__WORK REQUEST__.
Of the entries below, return exactly those lines that fall between the one containing "Vac = ups.Vac" and the one containing "settings DebuggingCC: InheritedTsInSrcMsg=none", the two end lines included.

[Dataset items]
BEGIN
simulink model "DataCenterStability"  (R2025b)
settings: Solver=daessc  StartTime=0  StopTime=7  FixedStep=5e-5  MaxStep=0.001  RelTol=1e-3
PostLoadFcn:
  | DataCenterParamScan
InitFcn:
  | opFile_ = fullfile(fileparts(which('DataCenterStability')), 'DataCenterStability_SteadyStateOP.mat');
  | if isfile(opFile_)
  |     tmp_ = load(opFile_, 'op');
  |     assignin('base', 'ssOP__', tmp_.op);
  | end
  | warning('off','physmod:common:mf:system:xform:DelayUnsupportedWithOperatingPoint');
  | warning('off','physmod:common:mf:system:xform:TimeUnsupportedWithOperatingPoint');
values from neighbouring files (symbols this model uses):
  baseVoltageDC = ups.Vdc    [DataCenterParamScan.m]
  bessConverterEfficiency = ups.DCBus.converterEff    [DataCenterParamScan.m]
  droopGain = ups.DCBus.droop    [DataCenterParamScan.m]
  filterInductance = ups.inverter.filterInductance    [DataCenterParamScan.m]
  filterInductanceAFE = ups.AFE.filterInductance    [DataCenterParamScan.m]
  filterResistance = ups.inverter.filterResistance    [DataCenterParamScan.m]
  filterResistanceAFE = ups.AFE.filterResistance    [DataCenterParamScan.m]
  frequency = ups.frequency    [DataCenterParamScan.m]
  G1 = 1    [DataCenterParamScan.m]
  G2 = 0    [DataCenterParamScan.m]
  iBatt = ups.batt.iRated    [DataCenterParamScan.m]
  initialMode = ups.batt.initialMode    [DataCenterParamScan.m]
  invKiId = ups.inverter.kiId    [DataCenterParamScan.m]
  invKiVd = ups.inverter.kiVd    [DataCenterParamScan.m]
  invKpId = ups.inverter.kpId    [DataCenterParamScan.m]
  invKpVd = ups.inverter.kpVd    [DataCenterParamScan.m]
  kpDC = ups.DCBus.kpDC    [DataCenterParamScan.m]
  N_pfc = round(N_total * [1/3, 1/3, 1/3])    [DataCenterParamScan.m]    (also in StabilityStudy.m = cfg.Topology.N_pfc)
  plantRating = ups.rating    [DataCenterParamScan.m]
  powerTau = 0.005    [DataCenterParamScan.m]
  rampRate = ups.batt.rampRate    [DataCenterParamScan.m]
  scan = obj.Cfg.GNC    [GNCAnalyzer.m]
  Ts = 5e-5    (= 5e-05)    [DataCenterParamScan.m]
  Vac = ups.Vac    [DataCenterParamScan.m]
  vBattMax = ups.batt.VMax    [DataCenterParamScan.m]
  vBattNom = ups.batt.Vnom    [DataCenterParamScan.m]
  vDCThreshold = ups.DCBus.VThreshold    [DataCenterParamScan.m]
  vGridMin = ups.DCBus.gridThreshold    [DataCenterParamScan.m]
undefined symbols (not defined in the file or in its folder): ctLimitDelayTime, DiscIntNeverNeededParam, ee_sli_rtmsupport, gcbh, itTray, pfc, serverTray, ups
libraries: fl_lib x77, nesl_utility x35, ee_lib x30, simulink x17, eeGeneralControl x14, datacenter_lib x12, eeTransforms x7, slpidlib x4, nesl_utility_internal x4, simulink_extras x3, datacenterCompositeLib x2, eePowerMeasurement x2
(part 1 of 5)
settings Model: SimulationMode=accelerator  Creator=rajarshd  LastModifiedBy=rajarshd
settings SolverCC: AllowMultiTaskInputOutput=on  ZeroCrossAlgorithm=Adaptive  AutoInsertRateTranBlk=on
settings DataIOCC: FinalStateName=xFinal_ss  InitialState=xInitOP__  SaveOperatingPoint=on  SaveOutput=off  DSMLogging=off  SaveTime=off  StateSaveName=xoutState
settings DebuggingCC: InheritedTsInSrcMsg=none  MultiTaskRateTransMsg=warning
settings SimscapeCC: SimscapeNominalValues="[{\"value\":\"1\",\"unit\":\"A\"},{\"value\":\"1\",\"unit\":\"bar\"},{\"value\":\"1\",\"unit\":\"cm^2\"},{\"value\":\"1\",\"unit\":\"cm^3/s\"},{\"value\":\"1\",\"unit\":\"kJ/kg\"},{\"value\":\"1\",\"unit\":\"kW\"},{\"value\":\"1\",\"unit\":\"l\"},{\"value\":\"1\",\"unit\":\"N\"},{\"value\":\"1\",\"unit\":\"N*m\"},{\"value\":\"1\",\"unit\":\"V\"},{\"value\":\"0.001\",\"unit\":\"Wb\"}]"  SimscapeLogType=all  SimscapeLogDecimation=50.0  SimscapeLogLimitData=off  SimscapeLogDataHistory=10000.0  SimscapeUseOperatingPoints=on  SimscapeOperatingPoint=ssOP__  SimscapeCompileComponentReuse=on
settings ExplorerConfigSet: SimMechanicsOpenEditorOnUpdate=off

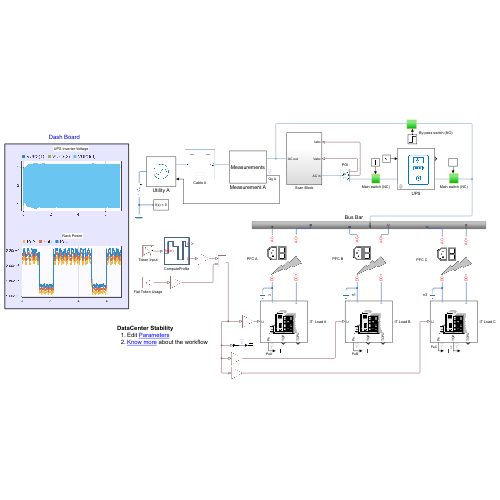
[thumbnail: Simulink's stored preview of the top-level diagram]
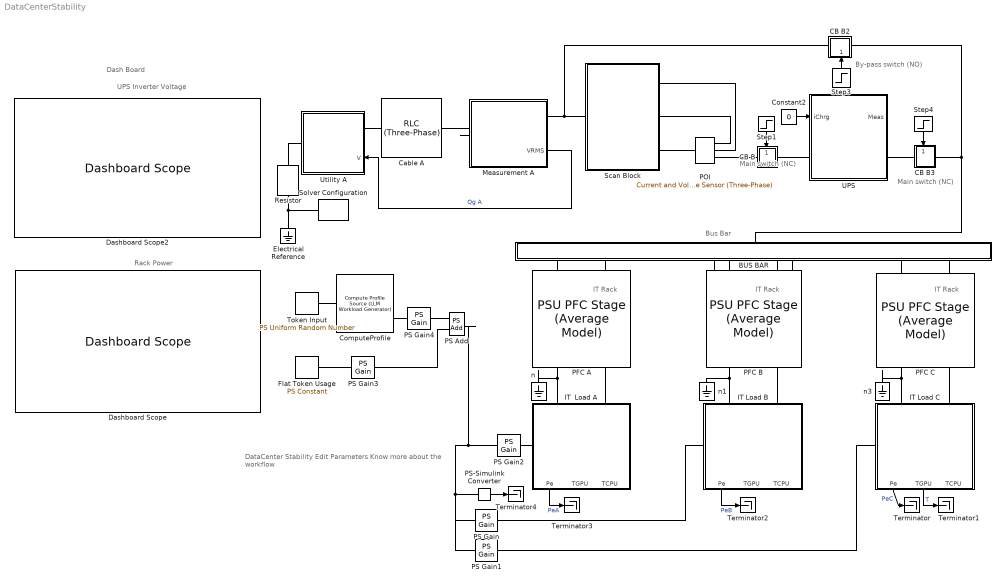
== system DataCenterStability ==
  note: DataCenter Stability
      | Edit Parameters
      | Know more about the workflow
  note: Dash Board
  note: By-pass switch (NO)
  note: Rack Power
  note: IT Rack
  note: IT Rack
  note: IT Rack
  note: Bus Bar
  note: Main switch (NC)
  note: Main switch (NC)
  note: UPS Inverter Voltage
  BUS BAR : Subsystem
  CB B : Subsystem
      settings: PortSchema="{\"entries\":[{\"content\":{\"sides\":[{\"content\":{\"connectorIds\":[\"In1\"]},\"type\":\"ConnectorPlacement.EquallySpacedRectSide\",\"uuid\":\"67c0f727-7c15-41c9-98df-b3c7d57498ed\"},{\"content\":{\"side\":\"RIGHT\"},\"type\":\"ConnectorPlacement.EquallySpacedRectSide\",\"uuid\":\"7fc39429-ba61-416d-b42b-93e81eb2f426\"},{\"content\":{\"connectorIds\":[\"LConn1\"],\"side\":\"TOP\"},\"type\":\"ConnectorPlacement.EquallySpacedRectSide\",\"uuid\":\"c6dd9263-b57a-4cff-a218-af99f2798f29\"},{\"content\":{\"connectorIds\":[\"RConn1\"],\"side\":\"BOTTOM\"},\"type\":\"ConnectorPlacement.EquallySpacedRectSide\",\"uuid\":\"e2a2ba44-d59d-4e27-adf1-3f94e828ca78\"}]},\"type\":\"ConnectorPlacement.EquallySpacedConnector\",\"uuid\":\"b349a99b-c902-4df9-9c99-34841afb28dd\"}],\"packageUris\":[\"http://schema.mathworks.com/mf0/Connector/R2020b\"],\"version\":\"1.0\"}"
  CB B2 : Subsystem
      settings: PortSchema="{\"entries\":[{\"content\":{\"sides\":[{\"content\":{},\"type\":\"ConnectorPlacement.EquallySpacedRectSide\",\"uuid\":\"67c0f727-7c15-41c9-98df-b3c7d57498ed\"},{\"content\":{\"connectorIds\":[\"In1\"],\"side\":\"RIGHT\"},\"type\":\"ConnectorPlacement.EquallySpacedRectSide\",\"uuid\":\"7fc39429-ba61-416d-b42b-93e81eb2f426\"},{\"content\":{\"connectorIds\":[\"LConn1\"],\"side\":\"TOP\"},\"type\":\"ConnectorPlacement.EquallySpacedRectSide\",\"uuid\":\"c6dd9263-b57a-4cff-a218-af99f2798f29\"},{\"content\":{\"connectorIds\":[\"RConn1\"],\"side\":\"BOTTOM\"},\"type\":\"ConnectorPlacement.EquallySpacedRectSide\",\"uuid\":\"e2a2ba44-d59d-4e27-adf1-3f94e828ca78\"}]},\"type\":\"ConnectorPlacement.EquallySpacedConnector\",\"uuid\":\"b349a99b-c902-4df9-9c99-34841afb28dd\"}],\"packageUris\":[\"http://schema.mathworks.com/mf0/Connector/R2020b\"],\"version\":\"1.0\"}"
  CB B3 : Subsystem
      settings: PortSchema="{\"entries\":[{\"content\":{\"sides\":[{\"content\":{\"connectorIds\":[\"In1\"]},\"type\":\"ConnectorPlacement.EquallySpacedRectSide\",\"uuid\":\"67c0f727-7c15-41c9-98df-b3c7d57498ed\"},{\"content\":{\"side\":\"RIGHT\"},\"type\":\"ConnectorPlacement.EquallySpacedRectSide\",\"uuid\":\"7fc39429-ba61-416d-b42b-93e81eb2f426\"},{\"content\":{\"connectorIds\":[\"LConn1\"],\"side\":\"TOP\"},\"type\":\"ConnectorPlacement.EquallySpacedRectSide\",\"uuid\":\"c6dd9263-b57a-4cff-a218-af99f2798f29\"},{\"content\":{\"connectorIds\":[\"RConn1\"],\"side\":\"BOTTOM\"},\"type\":\"ConnectorPlacement.EquallySpacedRectSide\",\"uuid\":\"e2a2ba44-d59d-4e27-adf1-3f94e828ca78\"}]},\"type\":\"ConnectorPlacement.EquallySpacedConnector\",\"uuid\":\"b349a99b-c902-4df9-9c99-34841afb28dd\"}],\"packageUris\":[\"http://schema.mathworks.com/mf0/Connector/R2020b\"],\"version\":\"1.0\"}"
  Cable A : ee_lib/Passive/RLC Assemblies/RLC (Three-Phase)  port_option=ee.enum.threePhasePort.composite  component_structure=ee.enum.rlc.structure.SeriesRL  R=0.001 Ohm  L=0.001 mH  C=1e-6 F  R_parasitic=0 Ohm  G_parasitic=0 1/Ohm  IL_specify=off  IL_priority=High  IL=[0, 0, 0] A  IL_nominal_specify=off  IL_nominal_value=1  IL_nominal_unit=A  VC_specify=off  VC_priority=High  VC=[0, 0, 0] V  VC_nominal_specify=off  VC_nominal_value=1  VC_nominal_unit=V
      settings: InternalSimscapePortConfiguration="{\"Bottom\":[],\"Left\":[{\"id\":\"N1\",\"label\":\"~1\",\"type\":\"foundation.electrical.three_phase\"}],\"Right\":[{\"id\":\"N2\",\"label\":\"~2\",\"type\":\"foundation.electrical.three_phase\"}],\"Top\":[]}"
  ComputeProfile : datacenter_lib/Compute Profile Source (LLM Workload Generator)  gpuModel=GPUModel.B200  numGPUs=numGPUs  workloadType=WorkloadType.Training  timeScale=4  tokenSource=TokenSource.Fixed  showAdvanced=true  customPeakTFLOPS=1000  customHbmBW=4e12 1/s  hbmBW=8e12 1/s  interNodeBW=50e9 1/s  llmSize=LLMModelSize.GPT_175B  customNumParams_B=70  customNumLayers=80  customPrecision=2  parallelism=ParallelismStrategy.TP8_PP4  customTP=8  customPP=4  microBatch=8  globalBatch=12288  seqLength=2048  idleUtil=0.60  fwdUtil=0.92  bwdUtil=0.98  commSyncUtil=0.65  prompt_tokens=512  output_tokens=256  num_concurrent=8  batch_size=8  allreduce_latency=5e-6 s  baseInfUtil=0.08  baseInfFrac=0.10  MFU=0.85  checkpointOverhead=0.03  stragglerOverhead=0.02  trainableParamFrac=0.02  evalInterval=5  evalBatches=2  ft_checkpointOverhead=0.05  enableNoise=true  noiseAmplitude=0.05  stepJitter=0  enableFilter=false  filterTimeConstant=0.01 s  t_step_specify=off  t_step_priority=Low  t_step=0 s  t_step_nominal_specify=off  t_step_nominal_value=1  t_step_nominal_unit=s  phase_id_specify=off  phase_id_priority=None  phase_id=0  phase_id_nominal_specify=off  phase_id_nominal_value=1  phase_id_nominal_unit=1  utilization_specify=off  utilization_priority=None  utilization=0  utilization_nominal_specify=off  utilization_nominal_value=1  utilization_nominal_unit=1  step_count_specify=off  step_count_priority=None  step_count=0  step_count_nominal_specify=off  step_count_nominal_value=1  step_count_nominal_unit=1  tc_utilization_specify=off  tc_utilization_priority=None  tc_utilization=0  tc_utilization_nominal_specify=off  tc_utilization_nominal_value=1  tc_utilization_nominal_unit=1  hbm_utilization_specify=off  hbm_utilization_priority=None  hbm_utilization=0  hbm_utilization_nominal_specify=off  hbm_utilization_nominal_value=1  hbm_utilization_nominal_unit=1  tokens_per_sec_obs_specify=off  tokens_per_sec_obs_priority=None  tokens_per_sec_obs=0 1/s  tokens_per_sec_obs_nominal_specify=off  tokens_per_sec_obs_nominal_value=1  tokens_per_sec_obs_nominal_unit=1/s  ttft_obs_specify=off  ttft_obs_priority=None  ttft_obs=0 s  ttft_obs_nominal_specify=off  ttft_obs_nominal_value=1  ttft_obs_nominal_unit=s
      settings: InternalSimscapePortConfiguration="{\"Bottom\":[],\"Left\":[{\"id\":\"prompt_len_in\",\"label\":\"Tn(in)\",\"type\":\"input\"}],\"Right\":[{\"id\":\"compute\",\"label\":\"C\",\"type\":\"output\"},{\"id\":\"U\",\"label\":\"U\",\"type\":\"output\"}],\"Top\":[]}"
  Constant2 : Constant  Value=0
  Dashboard Scope : DashboardScope  FontColor=[0.0, 0.0, 0.0]
  Dashboard Scope2 : DashboardScope  FontColor=[0.0, 0.0, 0.0]
  Electrical Reference : fl_lib/Electrical/Electrical Elements/Electrical Reference
  Flat Token Usage : fl_lib/Physical Signals/Sources/PS Constant  constant=0.5
  IT  Load A : Subsystem
      settings: PortSchema="{\"entries\":[{\"content\":{\"sides\":[{\"content\":{\"connectorIds\":[\"LConn1\",\"LConn2\"]},\"type\":\"ConnectorPlacement.EquallySpacedRectSide\",\"uuid\":\"2a986be5-1ee0-42f2-ba1d-7e7b19b6aff8\"},{\"content\":{\"connectorIds\":[\"Out1\",\"Out2\",\"Out3\"],\"side\":\"RIGHT\"},\"type\":\"ConnectorPlacement.EquallySpacedRectSide\",\"uuid\":\"6fb5a5ce-a365-4ece-bf73-56d3378d5391\"},{\"content\":{\"connectorIds\":[\"LConn3\"],\"side\":\"TOP\"},\"type\":\"ConnectorPlacement.EquallySpacedRectSide\",\"uuid\":\"7ef05e6e-a854-4441-a4de-558238083686\"}]},\"type\":\"ConnectorPlacement.EquallySpacedConnector\",\"uuid\":\"2a3433b7-bc52-494b-97a4-7ef9d11a25e3\"}],\"packageUris\":[\"http://schema.mathworks.com/mf0/Connector/R2020b\"],\"version\":\"1.0\"}"
      mask Display: image('datacenter.png', [0,0,0,0,80,80]);
  IT Load B : Subsystem
      settings: PortSchema="{\"entries\":[{\"content\":{\"sides\":[{\"content\":{\"connectorIds\":[\"LConn1\",\"LConn2\"]},\"type\":\"ConnectorPlacement.EquallySpacedRectSide\",\"uuid\":\"2a986be5-1ee0-42f2-ba1d-7e7b19b6aff8\"},{\"content\":{\"connectorIds\":[\"Out1\",\"Out2\",\"Out3\"],\"side\":\"RIGHT\"},\"type\":\"ConnectorPlacement.EquallySpacedRectSide\",\"uuid\":\"6fb5a5ce-a365-4ece-bf73-56d3378d5391\"},{\"content\":{\"connectorIds\":[\"LConn3\"],\"side\":\"TOP\"},\"type\":\"ConnectorPlacement.EquallySpacedRectSide\",\"uuid\":\"7ef05e6e-a854-4441-a4de-558238083686\"}]},\"type\":\"ConnectorPlacement.EquallySpacedConnector\",\"uuid\":\"2a3433b7-bc52-494b-97a4-7ef9d11a25e3\"}],\"packageUris\":[\"http://schema.mathworks.com/mf0/Connector/R2020b\"],\"version\":\"1.0\"}"
      mask Display: image('datacenter.png', [0,0,0,0,80,80]);
  IT Load C : Subsystem
      settings: PortSchema="{\"entries\":[{\"content\":{\"sides\":[{\"content\":{\"connectorIds\":[\"LConn1\",\"LConn2\"]},\"type\":\"ConnectorPlacement.EquallySpacedRectSide\",\"uuid\":\"2a986be5-1ee0-42f2-ba1d-7e7b19b6aff8\"},{\"content\":{\"connectorIds\":[\"Out1\",\"Out2\",\"Out3\"],\"side\":\"RIGHT\"},\"type\":\"ConnectorPlacement.EquallySpacedRectSide\",\"uuid\":\"6fb5a5ce-a365-4ece-bf73-56d3378d5391\"},{\"content\":{\"connectorIds\":[\"LConn3\"],\"side\":\"TOP\"},\"type\":\"ConnectorPlacement.EquallySpacedRectSide\",\"uuid\":\"7ef05e6e-a854-4441-a4de-558238083686\"}]},\"type\":\"ConnectorPlacement.EquallySpacedConnector\",\"uuid\":\"2a3433b7-bc52-494b-97a4-7ef9d11a25e3\"}],\"packageUris\":[\"http://schema.mathworks.com/mf0/Connector/R2020b\"],\"version\":\"1.0\"}"
      mask Display: image('datacenter.png', [0,0,0,0,80,80]);
  Measurement A : Subsystem
      settings: PortSchema="{\"entries\":[{\"content\":{\"sides\":[{\"content\":{\"connectorIds\":[\"LConn1\"]},\"type\":\"ConnectorPlacement.EquallySpacedRectSide\",\"uuid\":\"eb9abe54-d1fe-49de-8ced-a6e10c1202db\"},{\"content\":{\"connectorIds\":[\"RConn1\",\"Out1\"],\"side\":\"RIGHT\"},\"type\":\"ConnectorPlacement.EquallySpacedRectSide\",\"uuid\":\"002de1fc-31bd-4798-a6dd-d6b957f4e96f\"},{\"content\":{\"side\":\"TOP\"},\"type\":\"ConnectorPlacement.EquallySpacedRectSide\",\"uuid\":\"be5aa959-f6e3-4875-a946-227b594aa2c5\"}]},\"type\":\"ConnectorPlacement.EquallySpacedConnector\",\"uuid\":\"8ade2fe3-03c6-4466-8b3c-15c4c721ac97\"}],\"packageUris\":[\"http://schema.mathworks.com/mf0/Connector/R2020b\"],\"version\":\"1.0\"}"
      mask Display: disp('Measurements');
  PFC A : datacenter_lib/PSU PFC Stage (Average Model)  C_dc=3.99 F  V_dc_ref=pfc.V_dc_ref V  Kp_pfc=26600 W/V  Ki_pfc=79800 W/(V*s)  eta_pfc=pfc.eta  P_max=N_pfc(1) * pfc.P_max MW  G_damp=0.266 1/Ohm  tau_rms=pfc.tau_rms s  V_nom=pfc.V_nom V  L_ac=pfc.L_ac / N_pfc(1) H  R_ac=pfc.R_ac / N_pfc(1) Ohm  i_ac_specify=off  i_ac_priority=None  i_ac=0 A  i_ac_nominal_specify=off  i_ac_nominal_value=1  i_ac_nominal_unit=A  v_ac_specify=off  v_ac_priority=Low  v_ac=277 V  v_ac_nominal_specify=off  v_ac_nominal_value=1  v_ac_nominal_unit=V  v_dc_specify=on  v_dc_priority=High  v_dc=400 V  v_dc_nominal_specify=off  v_dc_nominal_value=1  v_dc_nominal_unit=V  i_dc_specify=off  i_dc_priority=None  i_dc=0 A  i_dc_nominal_specify=off  i_dc_nominal_value=1  i_dc_nominal_unit=A  pfc_integrator_specify=on  pfc_integrator_priority=Low  pfc_integrator=0 V*s  pfc_integrator_nominal_specify=off  pfc_integrator_nominal_value=1  pfc_integrator_nominal_unit=V*s  v_rms_sq_specify=off  v_rms_sq_priority=Low  v_rms_sq=76729 V^2  v_rms_sq_nominal_specify=off  v_rms_sq_nominal_value=1  v_rms_sq_nominal_unit=V^2
      settings: InternalSimscapePortConfiguration="{\"Bottom\":[],\"Left\":[{\"id\":\"p\",\"label\":\"AC+\",\"type\":\"foundation.electrical.electrical\"},{\"id\":\"n\",\"label\":\"AC-\",\"type\":\"foundation.electrical.electrical\"}],\"Right\":[{\"id\":\"dc_p\",\"label\":\"DC+\",\"type\":\"foundation.electrical.electrical\"},{\"id\":\"dc_n\",\"label\":\"DC-\",\"type\":\"foundation.electrical.electrical\"}],\"Top\":[]}"
  PFC B : datacenter_lib/PSU PFC Stage (Average Model)  C_dc=3.99 F  V_dc_ref=pfc.V_dc_ref V  Kp_pfc=26600 W/V  Ki_pfc=79800 W/(V*s)  eta_pfc=pfc.eta  P_max=N_pfc(2) * pfc.P_max MW  G_damp=0.266 1/Ohm  tau_rms=pfc.tau_rms s  V_nom=pfc.V_nom V  L_ac=pfc.L_ac / N_pfc(2) H  R_ac=pfc.R_ac / N_pfc(2) Ohm  i_ac_specify=off  i_ac_priority=None  i_ac=0 A  i_ac_nominal_specify=off  i_ac_nominal_value=1  i_ac_nominal_unit=A  v_ac_specify=off  v_ac_priority=Low  v_ac=277 V  v_ac_nominal_specify=off  v_ac_nominal_value=1  v_ac_nominal_unit=V  v_dc_specify=on  v_dc_priority=High  v_dc=400 V  v_dc_nominal_specify=off  v_dc_nominal_value=1  v_dc_nominal_unit=V  i_dc_specify=off  i_dc_priority=None  i_dc=0 A  i_dc_nominal_specify=off  i_dc_nominal_value=1  i_dc_nominal_unit=A  pfc_integrator_specify=on  pfc_integrator_priority=Low  pfc_integrator=0 V*s  pfc_integrator_nominal_specify=off  pfc_integrator_nominal_value=1  pfc_integrator_nominal_unit=V*s  v_rms_sq_specify=off  v_rms_sq_priority=Low  v_rms_sq=76729 V^2  v_rms_sq_nominal_specify=off  v_rms_sq_nominal_value=1  v_rms_sq_nominal_unit=V^2
      settings: InternalSimscapePortConfiguration="{\"Bottom\":[],\"Left\":[{\"id\":\"p\",\"label\":\"AC+\",\"type\":\"foundation.electrical.electrical\"},{\"id\":\"n\",\"label\":\"AC-\",\"type\":\"foundation.electrical.electrical\"}],\"Right\":[{\"id\":\"dc_p\",\"label\":\"DC+\",\"type\":\"foundation.electrical.electrical\"},{\"id\":\"dc_n\",\"label\":\"DC-\",\"type\":\"foundation.electrical.electrical\"}],\"Top\":[]}"
  PFC C : datacenter_lib/PSU PFC Stage (Average Model)  C_dc=4.02 F  V_dc_ref=pfc.V_dc_ref V  Kp_pfc=26800 W/V  Ki_pfc=80400 W/(V*s)  eta_pfc=pfc.eta  P_max=N_pfc(3) * pfc.P_max MW  G_damp=0.268 1/Ohm  tau_rms=pfc.tau_rms s  V_nom=pfc.V_nom V  L_ac=pfc.L_ac / N_pfc(3) H  R_ac=pfc.R_ac / N_pfc(3) Ohm  i_ac_specify=off  i_ac_priority=None  i_ac=0 A  i_ac_nominal_specify=off  i_ac_nominal_value=1  i_ac_nominal_unit=A  v_ac_specify=off  v_ac_priority=Low  v_ac=277 V  v_ac_nominal_specify=off  v_ac_nominal_value=1  v_ac_nominal_unit=V  v_dc_specify=on  v_dc_priority=High  v_dc=400 V  v_dc_nominal_specify=off  v_dc_nominal_value=1  v_dc_nominal_unit=V  i_dc_specify=off  i_dc_priority=None  i_dc=0 A  i_dc_nominal_specify=off  i_dc_nominal_value=1  i_dc_nominal_unit=A  pfc_integrator_specify=on  pfc_integrator_priority=Low  pfc_integrator=0 V*s  pfc_integrator_nominal_specify=off  pfc_integrator_nominal_value=1  pfc_integrator_nominal_unit=V*s  v_rms_sq_specify=off  v_rms_sq_priority=Low  v_rms_sq=76729 V^2  v_rms_sq_nominal_specify=off  v_rms_sq_nominal_value=1  v_rms_sq_nominal_unit=V^2
      settings: InternalSimscapePortConfiguration="{\"Bottom\":[],\"Left\":[{\"id\":\"p\",\"label\":\"AC+\",\"type\":\"foundation.electrical.electrical\"},{\"id\":\"n\",\"label\":\"AC-\",\"type\":\"foundation.electrical.electrical\"}],\"Right\":[{\"id\":\"dc_p\",\"label\":\"DC+\",\"type\":\"foundation.electrical.electrical\"},{\"id\":\"dc_n\",\"label\":\"DC-\",\"type\":\"foundation.electrical.electrical\"}],\"Top\":[]}"
  POI : ee_lib/Sensors & Transducers/Current and Voltage Sensor (Three-Phase)  vMeasurementType=ee.enum.vmeasurement.lg  outputUnit=ee.enum.unit.si  SRated=1e6 A*V  VRated=base.kV V  I_specify=off  I_priority=None  I=[0, 0, 0] A  I_nominal_specify=off  I_nominal_value=1  I_nominal_unit=A  V_specify=off  V_priority=None  V=[0, 0, 0] V  V_nominal_specify=off  V_nominal_value=1  V_nominal_unit=V
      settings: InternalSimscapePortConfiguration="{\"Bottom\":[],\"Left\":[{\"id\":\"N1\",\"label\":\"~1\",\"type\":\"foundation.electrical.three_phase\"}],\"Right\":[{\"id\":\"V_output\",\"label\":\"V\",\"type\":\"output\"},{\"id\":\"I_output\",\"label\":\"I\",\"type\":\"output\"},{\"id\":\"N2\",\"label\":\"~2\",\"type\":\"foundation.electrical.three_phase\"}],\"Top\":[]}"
END
__TASK SOLUTION__.
  Vac = ups.Vac    [DataCenterParamScan.m]
  vBattMax = ups.batt.VMax    [DataCenterParamScan.m]
  vBattNom = ups.batt.Vnom    [DataCenterParamScan.m]
  vDCThreshold = ups.DCBus.VThreshold    [DataCenterParamScan.m]
  vGridMin = ups.DCBus.gridThreshold    [DataCenterParamScan.m]
undefined symbols (not defined in the file or in its folder): ctLimitDelayTime, DiscIntNeverNeededParam, ee_sli_rtmsupport, gcbh, itTray, pfc, serverTray, ups
libraries: fl_lib x77, nesl_utility x35, ee_lib x30, simulink x17, eeGeneralControl x14, datacenter_lib x12, eeTransforms x7, slpidlib x4, nesl_utility_internal x4, simulink_extras x3, datacenterCompositeLib x2, eePowerMeasurement x2
(part 1 of 5)
settings Model: SimulationMode=accelerator  Creator=rajarshd  LastModifiedBy=rajarshd
settings SolverCC: AllowMultiTaskInputOutput=on  ZeroCrossAlgorithm=Adaptive  AutoInsertRateTranBlk=on
settings DataIOCC: FinalStateName=xFinal_ss  InitialState=xInitOP__  SaveOperatingPoint=on  SaveOutput=off  DSMLogging=off  SaveTime=off  StateSaveName=xoutState
settings DebuggingCC: InheritedTsInSrcMsg=none  MultiTaskRateTransMsg=warning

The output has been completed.